There have been many films about the scourge of human trafficking and many more, unfortunately, need to be made to highlight this appalling practice that is worth billions.
Nona, written and directed by Michael Polish (“Big Sur”, “Northfork”), is the latest to be released, produced by, and briefly starring, Kate Bosworth (“Superman Returns”, “Still Alice“).
Nona tells the story of the beautiful Nona, Sulem Calderon (“Tap Shoes & Violins (Short)”), who lives in Honduras but dreams of travelling to America to meet her mother who sadly can’t afford to pay for her daughter’s travel.
Whilst heading to her work as ‘painter of dead bodies’ one day she meets the handsome Hencho, Jesy McKinney (“Teen Wolf (TV)”, “Bad Friend (Short)”), who says he’s travelling to America, why doesn’t she tag along, free of charge.
Within a matter of days, the pair are off and travelling through South America to the land of dreams. Hencho is every bit the charming companion, keeping Nona’s spirits up, making her laugh, paying for everything, Nona doesn’t question it.
When the pair eventually reach the border of the US, Hencho informs Nona he won’t be coming with her, but will have to blind-fold her as The Coyote, the person tasked with taking her across, doesn’t want to be identified in case something goes wrong.

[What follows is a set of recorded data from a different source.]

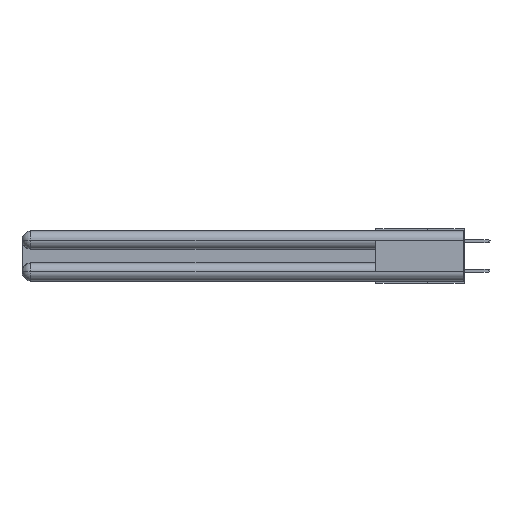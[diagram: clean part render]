
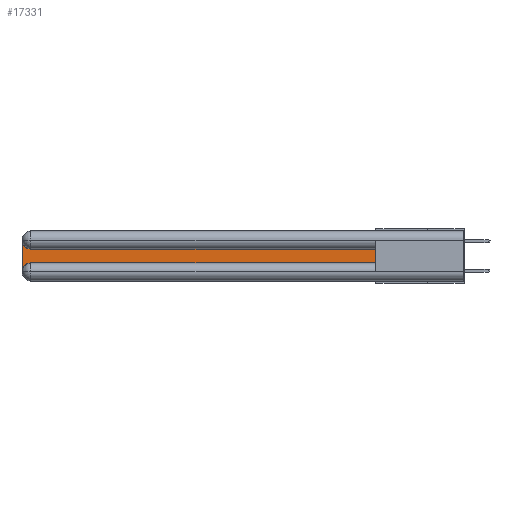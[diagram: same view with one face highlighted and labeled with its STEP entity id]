
A CAD part, left-side view. The second image highlights one B-rep face of the part: STEP entity #17331.
In plain terms, the highlighted planar face has unit normal (-1, 0, 0).
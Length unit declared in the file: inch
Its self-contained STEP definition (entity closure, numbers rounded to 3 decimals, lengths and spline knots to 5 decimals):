
#219 = CARTESIAN_POINT ( 'NONE',  ( 0.075, 3., -0.2775 ) ) ;
#752 = ORIENTED_EDGE ( 'NONE', *, *, #14818, .T. ) ;
#856 = CARTESIAN_POINT ( 'NONE',  ( 0.075, 3., -0.2175 ) ) ;
#1211 = VERTEX_POINT ( 'NONE', #23241 ) ;
#3234 = ORIENTED_EDGE ( 'NONE', *, *, #20636, .T. ) ;
#3417 = CARTESIAN_POINT ( 'NONE',  ( 0.075, 3., -0.0625 ) ) ;
#3495 = LINE ( 'NONE', #5955, #17714 ) ;
#3591 = PLANE ( 'NONE',  #27706 ) ;
#3923 = DIRECTION ( 'NONE',  ( 0., 0., -1. ) ) ;
#4102 = ORIENTED_EDGE ( 'NONE', *, *, #30607, .T. ) ;
#5374 = VECTOR ( 'NONE', #17422, 39.37008 ) ;
#5948 = DIRECTION ( 'NONE',  ( 0., 0., -1. ) ) ;
#5955 = CARTESIAN_POINT ( 'NONE',  ( 0.075, 0.6, -0.2175 ) ) ;
#6146 = CARTESIAN_POINT ( 'NONE',  ( 0.075, 3., -0.1225 ) ) ;
#6743 = CIRCLE ( 'NONE', #29178, 0.06 ) ;
#6991 = ORIENTED_EDGE ( 'NONE', *, *, #27049, .T. ) ;
#8334 = DIRECTION ( 'NONE',  ( 0., 0., -1. ) ) ;
#8492 = DIRECTION ( 'NONE',  ( 0., -1., 0. ) ) ;
#9001 = LINE ( 'NONE', #856, #20772 ) ;
#9965 = CARTESIAN_POINT ( 'NONE',  ( 0.075, 2.94, -0.2175 ) ) ;
#10862 = DIRECTION ( 'NONE',  ( 1., 0., 0. ) ) ;
#11037 = LINE ( 'NONE', #15248, #21231 ) ;
#14589 = CARTESIAN_POINT ( 'NONE',  ( 0.075, 0.6, -0.2175 ) ) ;
#14818 = EDGE_CURVE ( 'NONE', #27505, #26355, #6743, .T. ) ;
#15125 = DIRECTION ( 'NONE',  ( 0., 1., 0. ) ) ;
#15248 = CARTESIAN_POINT ( 'NONE',  ( 0.075, 0.6, -0.1225 ) ) ;
#15680 = EDGE_LOOP ( 'NONE', ( #20728, #4102, #3234, #752, #6991, #26406 ) ) ;
#17156 = CIRCLE ( 'NONE', #19850, 0.06 ) ;
#17331 = ADVANCED_FACE ( 'NONE', ( #25394 ), #3591, .F. ) ;
#17422 = DIRECTION ( 'NONE',  ( 0., 0., 1. ) ) ;
#17714 = VECTOR ( 'NONE', #8492, 39.37008 ) ;
#17903 = VERTEX_POINT ( 'NONE', #3417 ) ;
#19077 = CARTESIAN_POINT ( 'NONE',  ( 0.075, 2.94, -0.1225 ) ) ;
#19850 = AXIS2_PLACEMENT_3D ( 'NONE', #31209, #10862, #26201 ) ;
#19852 = CARTESIAN_POINT ( 'NONE',  ( 0.075, 0.6, -0.2175 ) ) ;
#20636 = EDGE_CURVE ( 'NONE', #17903, #27505, #9001, .T. ) ;
#20728 = ORIENTED_EDGE ( 'NONE', *, *, #28156, .T. ) ;
#20744 = DIRECTION ( 'NONE',  ( 1., 0., 0. ) ) ;
#20772 = VECTOR ( 'NONE', #5948, 39.37008 ) ;
#21231 = VECTOR ( 'NONE', #15125, 39.37008 ) ;
#21952 = LINE ( 'NONE', #19852, #5374 ) ;
#23054 = VERTEX_POINT ( 'NONE', #14589 ) ;
#23241 = CARTESIAN_POINT ( 'NONE',  ( 0.075, 0.6, -0.1225 ) ) ;
#25394 = FACE_OUTER_BOUND ( 'NONE', #15680, .T. ) ;
#26201 = DIRECTION ( 'NONE',  ( 0., 0., -1. ) ) ;
#26258 = DIRECTION ( 'NONE',  ( 1., 0., 0. ) ) ;
#26355 = VERTEX_POINT ( 'NONE', #9965 ) ;
#26406 = ORIENTED_EDGE ( 'NONE', *, *, #29418, .T. ) ;
#27049 = EDGE_CURVE ( 'NONE', #26355, #23054, #3495, .T. ) ;
#27505 = VERTEX_POINT ( 'NONE', #219 ) ;
#27706 = AXIS2_PLACEMENT_3D ( 'NONE', #6146, #26258, #3923 ) ;
#28156 = EDGE_CURVE ( 'NONE', #1211, #28575, #11037, .T. ) ;
#28575 = VERTEX_POINT ( 'NONE', #19077 ) ;
#29178 = AXIS2_PLACEMENT_3D ( 'NONE', #30584, #20744, #8334 ) ;
#29418 = EDGE_CURVE ( 'NONE', #23054, #1211, #21952, .T. ) ;
#30584 = CARTESIAN_POINT ( 'NONE',  ( 0.075, 2.94, -0.2775 ) ) ;
#30607 = EDGE_CURVE ( 'NONE', #28575, #17903, #17156, .T. ) ;
#31209 = CARTESIAN_POINT ( 'NONE',  ( 0.075, 2.94, -0.0625 ) ) ;

Promising he’ll see her on the other side, of course he doesn’t, she is bundled into a vehicle. When she arrives in the land of the free, she discovers she is anything but. Rather than a better life, a chance to see her mother, she’s been sold into a life of prostitution in a house full of girls in the same situation, from all over the world.
The first thing to say about Nona, the film that is, is that it looks absolutely stunning. Polish does an amazing job, particularly in the first hour, of showing us the absolute beauty of South America, the vibrancy, the landscapes.
However, you do find yourself asking why anyone would want to leave, even when Nona, on voiceover, is telling you her family have been killed for very little. The beauty Polish injects somewhat overrides this, it’s much more powerful, which is a shame.
In fact, for the first hour of the film, it’s a continuing theme. Yes, the film looks absolutely stunning, but this is the main part of the film, this is Hencho convincing Nona he’s a nice guy, trust him, but vast swathes of the film are spent watching lovely landscapes or spiders webs blowing in the wind.
The brutality of Nona’s new life is also given a somewhat glossy sheen. Sure, we see half of one brutal scene when she is first introduced to a man, but otherwise it appears she’s having an OK time; painting faces, dancing with the other girls, learning their language.
We do need more films to highlight this plague on society, to ensure more people aren’t trafficked, and for that, everyone should be proud of what they’ve created.
But Nona is almost too polished, too beautiful. I’d expect a story on this subject matter to be something more akin to Nil By Mouth; gritty, dark, hard to watch for its truthfulness, but Nona is so well shot that it can detract from the subject matter at times.